*** Block opens ***

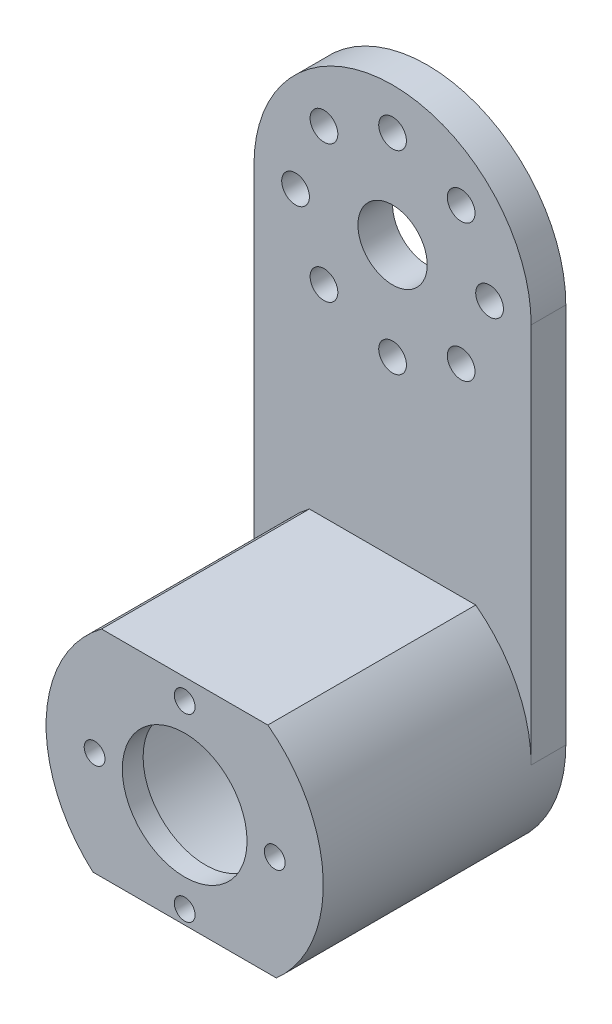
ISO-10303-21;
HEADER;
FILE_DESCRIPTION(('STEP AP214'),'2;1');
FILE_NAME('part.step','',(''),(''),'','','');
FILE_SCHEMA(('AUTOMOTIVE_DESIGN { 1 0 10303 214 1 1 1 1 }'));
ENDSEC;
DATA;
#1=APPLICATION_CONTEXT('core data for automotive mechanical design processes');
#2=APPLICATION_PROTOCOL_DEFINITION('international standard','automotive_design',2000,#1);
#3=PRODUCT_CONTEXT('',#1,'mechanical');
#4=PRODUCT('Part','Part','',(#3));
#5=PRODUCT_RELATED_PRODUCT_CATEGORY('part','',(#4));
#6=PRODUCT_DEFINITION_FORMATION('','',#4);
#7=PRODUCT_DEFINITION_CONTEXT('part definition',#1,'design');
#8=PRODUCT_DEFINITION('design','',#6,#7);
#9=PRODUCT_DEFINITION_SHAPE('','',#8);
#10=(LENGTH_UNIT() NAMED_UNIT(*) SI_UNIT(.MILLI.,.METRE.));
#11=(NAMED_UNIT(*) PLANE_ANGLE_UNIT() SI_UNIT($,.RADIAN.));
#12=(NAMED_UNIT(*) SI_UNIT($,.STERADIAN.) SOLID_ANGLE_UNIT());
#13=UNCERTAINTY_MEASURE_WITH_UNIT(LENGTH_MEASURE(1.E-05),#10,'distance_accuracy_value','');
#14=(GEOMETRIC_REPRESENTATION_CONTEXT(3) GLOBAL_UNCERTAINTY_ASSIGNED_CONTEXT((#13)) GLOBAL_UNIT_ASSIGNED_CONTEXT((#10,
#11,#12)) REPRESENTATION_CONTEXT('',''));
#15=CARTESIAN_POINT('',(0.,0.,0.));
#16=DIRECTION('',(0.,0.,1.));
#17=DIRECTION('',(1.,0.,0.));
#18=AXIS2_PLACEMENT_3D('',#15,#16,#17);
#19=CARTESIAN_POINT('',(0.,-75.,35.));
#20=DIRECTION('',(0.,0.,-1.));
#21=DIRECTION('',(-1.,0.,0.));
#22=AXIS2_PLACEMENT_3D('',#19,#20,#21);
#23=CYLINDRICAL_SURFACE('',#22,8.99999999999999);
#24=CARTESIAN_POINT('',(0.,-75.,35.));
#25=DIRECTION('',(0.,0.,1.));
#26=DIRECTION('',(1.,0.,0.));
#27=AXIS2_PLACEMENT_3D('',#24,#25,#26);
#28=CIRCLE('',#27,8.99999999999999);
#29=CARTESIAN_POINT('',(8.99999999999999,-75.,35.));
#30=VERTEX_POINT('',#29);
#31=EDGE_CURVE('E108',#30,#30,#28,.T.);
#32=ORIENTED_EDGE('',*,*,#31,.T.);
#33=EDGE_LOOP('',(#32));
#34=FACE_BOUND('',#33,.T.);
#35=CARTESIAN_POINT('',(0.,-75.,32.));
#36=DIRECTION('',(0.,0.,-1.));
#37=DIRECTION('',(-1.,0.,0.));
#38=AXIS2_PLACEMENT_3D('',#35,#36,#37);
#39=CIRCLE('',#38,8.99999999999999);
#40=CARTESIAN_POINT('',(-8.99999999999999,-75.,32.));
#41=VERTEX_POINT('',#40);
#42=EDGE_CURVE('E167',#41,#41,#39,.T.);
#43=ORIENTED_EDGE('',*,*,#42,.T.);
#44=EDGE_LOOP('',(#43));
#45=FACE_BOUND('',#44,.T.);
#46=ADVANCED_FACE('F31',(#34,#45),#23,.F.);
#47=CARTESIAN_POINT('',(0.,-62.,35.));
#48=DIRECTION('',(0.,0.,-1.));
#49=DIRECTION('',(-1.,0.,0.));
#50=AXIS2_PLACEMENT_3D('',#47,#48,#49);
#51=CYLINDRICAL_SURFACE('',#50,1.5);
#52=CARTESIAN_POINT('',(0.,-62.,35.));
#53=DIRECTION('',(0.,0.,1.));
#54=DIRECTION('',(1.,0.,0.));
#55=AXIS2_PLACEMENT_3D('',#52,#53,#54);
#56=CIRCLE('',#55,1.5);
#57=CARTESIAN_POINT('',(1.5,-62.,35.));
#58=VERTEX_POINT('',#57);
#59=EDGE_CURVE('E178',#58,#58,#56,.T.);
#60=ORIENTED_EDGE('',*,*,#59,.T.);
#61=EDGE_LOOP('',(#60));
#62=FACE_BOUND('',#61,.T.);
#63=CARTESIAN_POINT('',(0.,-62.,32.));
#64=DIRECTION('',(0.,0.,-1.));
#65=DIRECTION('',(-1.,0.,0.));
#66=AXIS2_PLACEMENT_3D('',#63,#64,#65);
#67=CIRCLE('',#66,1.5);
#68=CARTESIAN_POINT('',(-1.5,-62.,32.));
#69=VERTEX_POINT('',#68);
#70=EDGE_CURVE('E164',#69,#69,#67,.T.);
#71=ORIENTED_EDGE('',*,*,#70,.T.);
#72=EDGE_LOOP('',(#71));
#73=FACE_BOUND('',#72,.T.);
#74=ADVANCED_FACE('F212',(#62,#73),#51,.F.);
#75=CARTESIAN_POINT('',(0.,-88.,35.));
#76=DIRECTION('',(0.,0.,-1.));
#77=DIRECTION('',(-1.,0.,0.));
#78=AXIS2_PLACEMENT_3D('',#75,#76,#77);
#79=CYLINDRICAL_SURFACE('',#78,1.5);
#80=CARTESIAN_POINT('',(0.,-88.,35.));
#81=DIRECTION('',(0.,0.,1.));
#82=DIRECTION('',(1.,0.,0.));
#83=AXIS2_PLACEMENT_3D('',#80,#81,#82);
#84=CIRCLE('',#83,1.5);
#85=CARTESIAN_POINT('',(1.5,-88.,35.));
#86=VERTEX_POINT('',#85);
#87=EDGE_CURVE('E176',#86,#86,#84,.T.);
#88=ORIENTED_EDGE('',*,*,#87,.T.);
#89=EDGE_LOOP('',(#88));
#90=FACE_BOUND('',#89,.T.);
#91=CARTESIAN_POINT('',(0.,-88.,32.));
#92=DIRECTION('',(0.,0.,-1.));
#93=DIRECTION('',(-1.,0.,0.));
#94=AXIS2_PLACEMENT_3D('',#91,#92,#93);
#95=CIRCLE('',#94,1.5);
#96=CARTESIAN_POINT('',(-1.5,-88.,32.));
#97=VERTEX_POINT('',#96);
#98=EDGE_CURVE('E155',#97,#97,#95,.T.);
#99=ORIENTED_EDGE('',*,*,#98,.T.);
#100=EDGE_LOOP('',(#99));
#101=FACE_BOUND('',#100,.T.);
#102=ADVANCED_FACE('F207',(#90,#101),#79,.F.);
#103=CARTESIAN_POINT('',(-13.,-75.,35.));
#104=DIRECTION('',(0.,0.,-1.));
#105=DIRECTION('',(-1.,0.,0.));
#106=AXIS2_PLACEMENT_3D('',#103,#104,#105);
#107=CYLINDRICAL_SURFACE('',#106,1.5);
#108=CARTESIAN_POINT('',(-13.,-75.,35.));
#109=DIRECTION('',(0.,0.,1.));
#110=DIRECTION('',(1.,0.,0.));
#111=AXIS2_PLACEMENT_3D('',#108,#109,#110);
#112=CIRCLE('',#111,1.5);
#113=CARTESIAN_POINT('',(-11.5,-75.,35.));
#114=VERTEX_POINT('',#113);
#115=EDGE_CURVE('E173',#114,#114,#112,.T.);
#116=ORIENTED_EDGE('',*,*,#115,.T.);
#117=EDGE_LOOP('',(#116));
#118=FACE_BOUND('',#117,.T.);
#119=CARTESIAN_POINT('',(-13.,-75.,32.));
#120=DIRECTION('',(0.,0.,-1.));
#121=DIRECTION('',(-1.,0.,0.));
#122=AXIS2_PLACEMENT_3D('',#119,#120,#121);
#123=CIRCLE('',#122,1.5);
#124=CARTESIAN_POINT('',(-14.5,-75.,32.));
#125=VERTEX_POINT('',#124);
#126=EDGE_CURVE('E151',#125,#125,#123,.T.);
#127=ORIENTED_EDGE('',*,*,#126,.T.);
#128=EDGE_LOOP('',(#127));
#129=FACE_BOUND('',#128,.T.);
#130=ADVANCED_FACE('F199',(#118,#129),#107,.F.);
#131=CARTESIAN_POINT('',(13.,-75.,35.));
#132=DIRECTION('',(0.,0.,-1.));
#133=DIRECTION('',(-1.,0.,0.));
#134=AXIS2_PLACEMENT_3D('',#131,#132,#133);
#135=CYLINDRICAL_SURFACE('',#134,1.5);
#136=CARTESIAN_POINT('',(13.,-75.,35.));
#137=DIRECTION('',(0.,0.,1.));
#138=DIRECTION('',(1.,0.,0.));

*** Block closes ***

#### [Work instruction]
Give the lines exactly as they stand, from the line with "#130=ADVANCED_FACE('F199',(#118,#129),#107,.F.);" through the end of the material.

#### [Answer for this exercise]
#130=ADVANCED_FACE('F199',(#118,#129),#107,.F.);
#131=CARTESIAN_POINT('',(13.,-75.,35.));
#132=DIRECTION('',(0.,0.,-1.));
#133=DIRECTION('',(-1.,0.,0.));
#134=AXIS2_PLACEMENT_3D('',#131,#132,#133);
#135=CYLINDRICAL_SURFACE('',#134,1.5);
#136=CARTESIAN_POINT('',(13.,-75.,35.));
#137=DIRECTION('',(0.,0.,1.));
#138=DIRECTION('',(1.,0.,0.));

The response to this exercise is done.